• **What to work on**
What is needed is an exact copy of the line that contains "#255=EDGE_CURVE('E122',#31,#248,#254,.T.);" and of all later lines to the end of the records below, with no other lines.

Excerpts from a dataset:

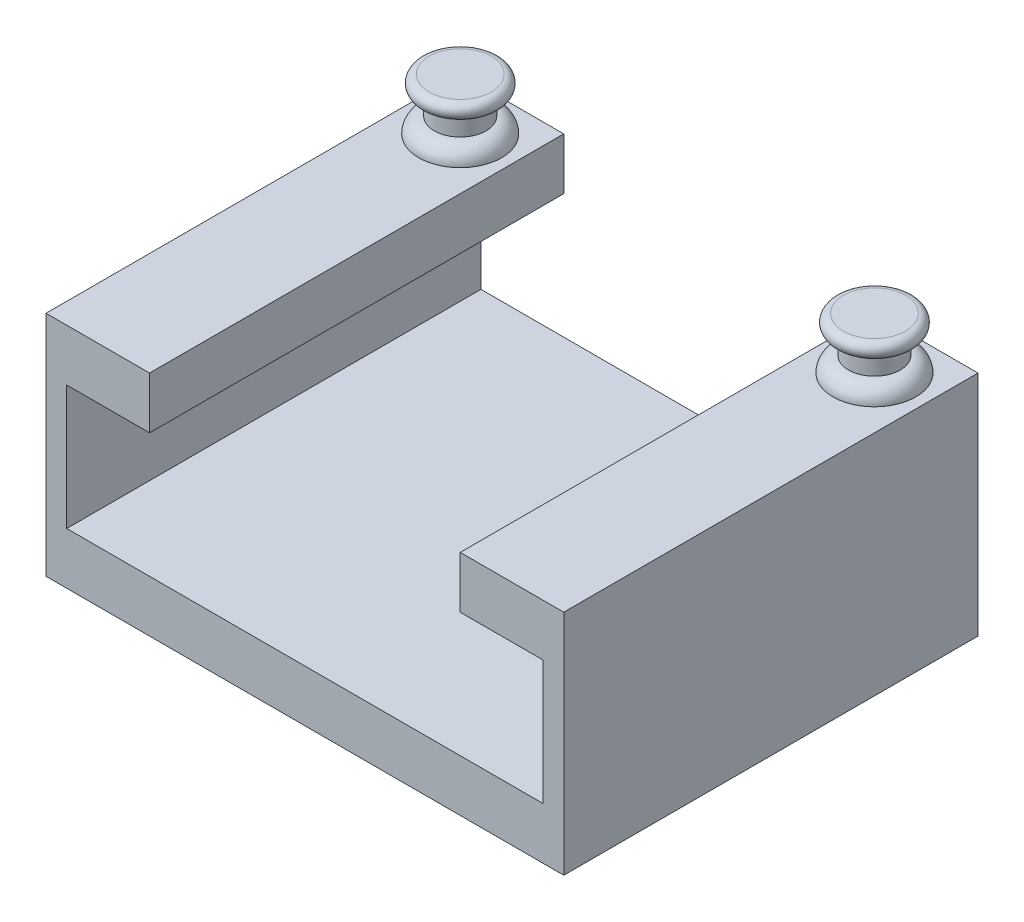
ISO-10303-21;
HEADER;
FILE_DESCRIPTION(('STEP AP214'),'2;1');
FILE_NAME('part.step','',(''),(''),'','','');
FILE_SCHEMA(('AUTOMOTIVE_DESIGN { 1 0 10303 214 1 1 1 1 }'));
ENDSEC;
DATA;
#1=APPLICATION_CONTEXT('core data for automotive mechanical design processes');
#2=APPLICATION_PROTOCOL_DEFINITION('international standard','automotive_design',2000,#1);
#3=PRODUCT_CONTEXT('',#1,'mechanical');
#4=PRODUCT('Part','Part','',(#3));
#5=PRODUCT_RELATED_PRODUCT_CATEGORY('part','',(#4));
#6=PRODUCT_DEFINITION_FORMATION('','',#4);
#7=PRODUCT_DEFINITION_CONTEXT('part definition',#1,'design');
#8=PRODUCT_DEFINITION('design','',#6,#7);
#9=PRODUCT_DEFINITION_SHAPE('','',#8);
#10=(LENGTH_UNIT() NAMED_UNIT(*) SI_UNIT(.MILLI.,.METRE.));
#11=(NAMED_UNIT(*) PLANE_ANGLE_UNIT() SI_UNIT($,.RADIAN.));
#12=(NAMED_UNIT(*) SI_UNIT($,.STERADIAN.) SOLID_ANGLE_UNIT());
#13=UNCERTAINTY_MEASURE_WITH_UNIT(LENGTH_MEASURE(1.E-05),#10,'distance_accuracy_value','');
#14=(GEOMETRIC_REPRESENTATION_CONTEXT(3) GLOBAL_UNCERTAINTY_ASSIGNED_CONTEXT((#13)) GLOBAL_UNIT_ASSIGNED_CONTEXT((#10,
#11,#12)) REPRESENTATION_CONTEXT('',''));
#15=CARTESIAN_POINT('',(0.,0.,0.));
#16=DIRECTION('',(0.,0.,1.));
#17=DIRECTION('',(1.,0.,0.));
#18=AXIS2_PLACEMENT_3D('',#15,#16,#17);
#19=CARTESIAN_POINT('',(0.,22.,0.));
#20=DIRECTION('',(0.,-1.,0.));
#21=DIRECTION('',(0.,0.,-1.));
#22=AXIS2_PLACEMENT_3D('',#19,#20,#21);
#23=PLANE('',#22);
#24=DIRECTION('',(0.,0.,-1.));
#25=VECTOR('',#24,1.);
#26=CARTESIAN_POINT('',(50.,22.,-40.));
#27=LINE('',#26,#25);
#28=CARTESIAN_POINT('',(50.,22.,0.));
#29=VERTEX_POINT('',#28);
#30=CARTESIAN_POINT('',(50.,22.,-40.));
#31=VERTEX_POINT('',#30);
#32=EDGE_CURVE('E127',#29,#31,#27,.T.);
#33=ORIENTED_EDGE('',*,*,#32,.T.);
#34=DIRECTION('',(-1.,0.,0.));
#35=VECTOR('',#34,1.);
#36=CARTESIAN_POINT('',(50.,22.,-40.));
#37=LINE('',#36,#35);
#38=CARTESIAN_POINT('',(40.,22.,-40.));
#39=VERTEX_POINT('',#38);
#40=EDGE_CURVE('E135',#31,#39,#37,.T.);
#41=ORIENTED_EDGE('',*,*,#40,.T.);
#42=DIRECTION('',(0.,0.,1.));
#43=VECTOR('',#42,1.);
#44=CARTESIAN_POINT('',(40.,22.,-40.));
#45=LINE('',#44,#43);
#46=CARTESIAN_POINT('',(40.,22.,0.));
#47=VERTEX_POINT('',#46);
#48=EDGE_CURVE('E141',#39,#47,#45,.T.);
#49=ORIENTED_EDGE('',*,*,#48,.T.);
#50=DIRECTION('',(1.,0.,0.));
#51=VECTOR('',#50,1.);
#52=CARTESIAN_POINT('',(50.,22.,0.));
#53=LINE('',#52,#51);
#54=EDGE_CURVE('E146',#47,#29,#53,.T.);
#55=ORIENTED_EDGE('',*,*,#54,.T.);
#56=EDGE_LOOP('',(#33,#41,#49,#55));
#57=FACE_BOUND('',#56,.T.);
#58=CARTESIAN_POINT('',(45.,22.,-35.));
#59=DIRECTION('',(0.,-1.,0.));
#60=DIRECTION('',(0.,0.,-1.));
#61=AXIS2_PLACEMENT_3D('',#58,#59,#60);
#62=CIRCLE('',#61,4.);
#63=CARTESIAN_POINT('',(45.,22.,-39.));
#64=VERTEX_POINT('',#63);
#65=EDGE_CURVE('E11',#64,#64,#62,.F.);
#66=ORIENTED_EDGE('',*,*,#65,.F.);
#67=EDGE_LOOP('',(#66));
#68=FACE_BOUND('',#67,.T.);
#69=ADVANCED_FACE('F35',(#57,#68),#23,.F.);
#70=CARTESIAN_POINT('',(0.,22.,0.));
#71=DIRECTION('',(0.,1.,0.));
#72=DIRECTION('',(0.,0.,1.));
#73=AXIS2_PLACEMENT_3D('',#70,#71,#72);
#74=PLANE('',#73);
#75=DIRECTION('',(0.,0.,1.));
#76=VECTOR('',#75,1.);
#77=CARTESIAN_POINT('',(0.,22.,-40.));
#78=LINE('',#77,#76);
#79=CARTESIAN_POINT('',(0.,22.,-40.));
#80=VERTEX_POINT('',#79);
#81=CARTESIAN_POINT('',(0.,22.,0.));
#82=VERTEX_POINT('',#81);
#83=EDGE_CURVE('E166',#80,#82,#78,.T.);
#84=ORIENTED_EDGE('',*,*,#83,.T.);
#85=DIRECTION('',(1.,0.,0.));
#86=VECTOR('',#85,1.);
#87=CARTESIAN_POINT('',(0.,22.,0.));
#88=LINE('',#87,#86);
#89=CARTESIAN_POINT('',(10.,22.,0.));
#90=VERTEX_POINT('',#89);
#91=EDGE_CURVE('E169',#82,#90,#88,.T.);
#92=ORIENTED_EDGE('',*,*,#91,.T.);
#93=DIRECTION('',(0.,0.,-1.));
#94=VECTOR('',#93,1.);
#95=CARTESIAN_POINT('',(10.,22.,-40.));
#96=LINE('',#95,#94);
#97=CARTESIAN_POINT('',(10.,22.,-40.));
#98=VERTEX_POINT('',#97);
#99=EDGE_CURVE('E172',#90,#98,#96,.T.);
#100=ORIENTED_EDGE('',*,*,#99,.T.);
#101=DIRECTION('',(-1.,0.,0.));
#102=VECTOR('',#101,1.);
#103=CARTESIAN_POINT('',(0.,22.,-40.));
#104=LINE('',#103,#102);
#105=EDGE_CURVE('E174',#98,#80,#104,.T.);
#106=ORIENTED_EDGE('',*,*,#105,.T.);
#107=EDGE_LOOP('',(#84,#92,#100,#106));
#108=FACE_BOUND('',#107,.T.);
#109=CARTESIAN_POINT('',(5.,22.,-35.));
#110=DIRECTION('',(0.,-1.,0.));
#111=DIRECTION('',(1.,0.,0.));
#112=AXIS2_PLACEMENT_3D('',#109,#110,#111);
#113=CIRCLE('',#112,4.);
#114=CARTESIAN_POINT('',(9.,22.,-35.));
#115=VERTEX_POINT('',#114);
#116=EDGE_CURVE('E523',#115,#115,#113,.T.);
#117=ORIENTED_EDGE('',*,*,#116,.T.);
#118=EDGE_LOOP('',(#117));
#119=FACE_BOUND('',#118,.T.);
#120=ADVANCED_FACE('F255',(#108,#119),#74,.T.);
#121=CARTESIAN_POINT('',(0.,5.,0.));
#122=DIRECTION('',(0.,1.,0.));
#123=DIRECTION('',(0.,0.,1.));
#124=AXIS2_PLACEMENT_3D('',#121,#122,#123);
#125=PLANE('',#124);
#126=DIRECTION('',(1.,0.,0.));
#127=VECTOR('',#126,1.);
#128=CARTESIAN_POINT('',(0.,5.,0.));
#129=LINE('',#128,#127);
#130=CARTESIAN_POINT('',(2.,5.,0.));
#131=VERTEX_POINT('',#130);
#132=CARTESIAN_POINT('',(48.,5.,0.));
#133=VERTEX_POINT('',#132);
#134=EDGE_CURVE('E55',#131,#133,#129,.T.);
#135=ORIENTED_EDGE('',*,*,#134,.T.);
#136=DIRECTION('',(0.,0.,1.));
#137=VECTOR('',#136,1.);
#138=CARTESIAN_POINT('',(48.,5.,-40.));
#139=LINE('',#138,#137);
#140=CARTESIAN_POINT('',(48.,5.,-40.));
#141=VERTEX_POINT('',#140);
#142=EDGE_CURVE('E50',#141,#133,#139,.T.);
#143=ORIENTED_EDGE('',*,*,#142,.F.);
#144=DIRECTION('',(1.,0.,0.));
#145=VECTOR('',#144,1.);
#146=CARTESIAN_POINT('',(0.,5.,-40.));
#147=LINE('',#146,#145);
#148=CARTESIAN_POINT('',(2.,5.,-40.));
#149=VERTEX_POINT('',#148);
#150=EDGE_CURVE('E211',#149,#141,#147,.T.);
#151=ORIENTED_EDGE('',*,*,#150,.F.);
#152=DIRECTION('',(0.,0.,-1.));
#153=VECTOR('',#152,1.);
#154=CARTESIAN_POINT('',(2.,5.,-40.));
#155=LINE('',#154,#153);
#156=EDGE_CURVE('E198',#131,#149,#155,.T.);
#157=ORIENTED_EDGE('',*,*,#156,.F.);
#158=EDGE_LOOP('',(#135,#143,#151,#157));
#159=FACE_BOUND('',#158,.T.);
#160=ADVANCED_FACE('F250',(#159),#125,.T.);
#161=CARTESIAN_POINT('',(0.,5.,0.));
#162=DIRECTION('',(0.,0.,-1.));
#163=DIRECTION('',(-1.,0.,0.));
#164=AXIS2_PLACEMENT_3D('',#161,#162,#163);
#165=PLANE('',#164);
#166=DIRECTION('',(1.,0.,0.));
#167=VECTOR('',#166,1.);
#168=CARTESIAN_POINT('',(0.,0.,0.));
#169=LINE('',#168,#167);
#170=CARTESIAN_POINT('',(0.,0.,0.));
#171=VERTEX_POINT('',#170);
#172=CARTESIAN_POINT('',(50.,0.,0.));
#173=VERTEX_POINT('',#172);
#174=EDGE_CURVE('E219',#171,#173,#169,.T.);
#175=ORIENTED_EDGE('',*,*,#174,.T.);
#176=DIRECTION('',(0.,-1.,0.));
#177=VECTOR('',#176,1.);
#178=CARTESIAN_POINT('',(50.,5.,0.));
#179=LINE('',#178,#177);
#180=EDGE_CURVE('E43',#29,#173,#179,.T.);
#181=ORIENTED_EDGE('',*,*,#180,.F.);
#182=ORIENTED_EDGE('',*,*,#54,.F.);
#183=DIRECTION('',(0.,-1.,0.));
#184=VECTOR('',#183,1.);
#185=CARTESIAN_POINT('',(40.,22.,0.));
#186=LINE('',#185,#184);
#187=CARTESIAN_POINT('',(40.,17.,0.));
#188=VERTEX_POINT('',#187);
#189=EDGE_CURVE('E158',#47,#188,#186,.T.);
#190=ORIENTED_EDGE('',*,*,#189,.T.);
#191=DIRECTION('',(1.,0.,0.));
#192=VECTOR('',#191,1.);
#193=CARTESIAN_POINT('',(50.,17.,0.));
#194=LINE('',#193,#192);
#195=CARTESIAN_POINT('',(48.,17.,0.));
#196=VERTEX_POINT('',#195);
#197=EDGE_CURVE('E147',#188,#196,#194,.T.);
#198=ORIENTED_EDGE('',*,*,#197,.T.);
#199=DIRECTION('',(0.,-1.,0.));
#200=VECTOR('',#199,1.);
#201=CARTESIAN_POINT('',(48.,17.,0.));
#202=LINE('',#201,#200);
#203=EDGE_CURVE('E191',#196,#133,#202,.T.);
#204=ORIENTED_EDGE('',*,*,#203,.T.);
#205=ORIENTED_EDGE('',*,*,#134,.F.);
#206=DIRECTION('',(0.,-1.,0.));
#207=VECTOR('',#206,1.);
#208=CARTESIAN_POINT('',(2.,17.,0.));
#209=LINE('',#208,#207);
#210=CARTESIAN_POINT('',(2.,17.,0.));
#211=VERTEX_POINT('',#210);
#212=EDGE_CURVE('E215',#211,#131,#209,.T.);
#213=ORIENTED_EDGE('',*,*,#212,.F.);
#214=DIRECTION('',(1.,0.,0.));
#215=VECTOR('',#214,1.);
#216=CARTESIAN_POINT('',(0.,17.,0.));
#217=LINE('',#216,#215);
#218=CARTESIAN_POINT('',(10.,17.,0.));
#219=VERTEX_POINT('',#218);
#220=EDGE_CURVE('E165',#211,#219,#217,.T.);
#221=ORIENTED_EDGE('',*,*,#220,.T.);
#222=DIRECTION('',(0.,-1.,0.));
#223=VECTOR('',#222,1.);
#224=CARTESIAN_POINT('',(10.,22.,0.));
#225=LINE('',#224,#223);
#226=EDGE_CURVE('E185',#90,#219,#225,.T.);
#227=ORIENTED_EDGE('',*,*,#226,.F.);
#228=ORIENTED_EDGE('',*,*,#91,.F.);
#229=DIRECTION('',(0.,-1.,0.));
#230=VECTOR('',#229,1.);
#231=CARTESIAN_POINT('',(0.,5.,0.));
#232=LINE('',#231,#230);
#233=EDGE_CURVE('E235',#82,#171,#232,.T.);
#234=ORIENTED_EDGE('',*,*,#233,.T.);
#235=EDGE_LOOP('',(#175,#181,#182,#190,#198,#204,#205,#213,#221,#227,#228,#234));
#236=FACE_BOUND('',#235,.T.);
#237=ADVANCED_FACE('F37',(#236),#165,.F.);
#238=CARTESIAN_POINT('',(50.,5.,0.));
#239=DIRECTION('',(-1.,0.,0.));
#240=DIRECTION('',(0.,0.,1.));
#241=AXIS2_PLACEMENT_3D('',#238,#239,#240);
#242=PLANE('',#241);
#243=DIRECTION('',(0.,0.,-1.));
#244=VECTOR('',#243,1.);
#245=CARTESIAN_POINT('',(50.,0.,0.));
#246=LINE('',#245,#244);
#247=CARTESIAN_POINT('',(50.,0.,-40.));
#248=VERTEX_POINT('',#247);
#249=EDGE_CURVE('E128',#173,#248,#246,.T.);
#250=ORIENTED_EDGE('',*,*,#249,.T.);
#251=DIRECTION('',(0.,-1.,0.));
#252=VECTOR('',#251,1.);
#253=CARTESIAN_POINT('',(50.,5.,-40.));
#254=LINE('',#253,#252);
#255=EDGE_CURVE('E122',#31,#248,#254,.T.);
#256=ORIENTED_EDGE('',*,*,#255,.F.);
#257=ORIENTED_EDGE('',*,*,#32,.F.);
#258=ORIENTED_EDGE('',*,*,#180,.T.);
#259=EDGE_LOOP('',(#250,#256,#257,#258));
#260=FACE_BOUND('',#259,.T.);
#261=ADVANCED_FACE('F124',(#260),#242,.F.);
#262=CARTESIAN_POINT('',(0.,5.,-40.));
#263=DIRECTION('',(0.,0.,-1.));
#264=DIRECTION('',(-1.,0.,0.));
#265=AXIS2_PLACEMENT_3D('',#262,#263,#264);
#266=PLANE('',#265);
#267=DIRECTION('',(1.,0.,0.));
#268=VECTOR('',#267,1.);
#269=CARTESIAN_POINT('',(0.,0.,-40.));
#270=LINE('',#269,#268);
#271=CARTESIAN_POINT('',(0.,0.,-40.));
#272=VERTEX_POINT('',#271);
#273=EDGE_CURVE('E227',#272,#248,#270,.T.);
#274=ORIENTED_EDGE('',*,*,#273,.F.);
#275=DIRECTION('',(0.,-1.,0.));
#276=VECTOR('',#275,1.);
#277=CARTESIAN_POINT('',(0.,5.,-40.));
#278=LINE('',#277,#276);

• **Solution**
#255=EDGE_CURVE('E122',#31,#248,#254,.T.);
#256=ORIENTED_EDGE('',*,*,#255,.F.);
#257=ORIENTED_EDGE('',*,*,#32,.F.);
#258=ORIENTED_EDGE('',*,*,#180,.T.);
#259=EDGE_LOOP('',(#250,#256,#257,#258));
#260=FACE_BOUND('',#259,.T.);
#261=ADVANCED_FACE('F124',(#260),#242,.F.);
#262=CARTESIAN_POINT('',(0.,5.,-40.));
#263=DIRECTION('',(0.,0.,-1.));
#264=DIRECTION('',(-1.,0.,0.));
#265=AXIS2_PLACEMENT_3D('',#262,#263,#264);
#266=PLANE('',#265);
#267=DIRECTION('',(1.,0.,0.));
#268=VECTOR('',#267,1.);
#269=CARTESIAN_POINT('',(0.,0.,-40.));
#270=LINE('',#269,#268);
#271=CARTESIAN_POINT('',(0.,0.,-40.));
#272=VERTEX_POINT('',#271);
#273=EDGE_CURVE('E227',#272,#248,#270,.T.);
#274=ORIENTED_EDGE('',*,*,#273,.F.);
#275=DIRECTION('',(0.,-1.,0.));
#276=VECTOR('',#275,1.);
#277=CARTESIAN_POINT('',(0.,5.,-40.));
#278=LINE('',#277,#276);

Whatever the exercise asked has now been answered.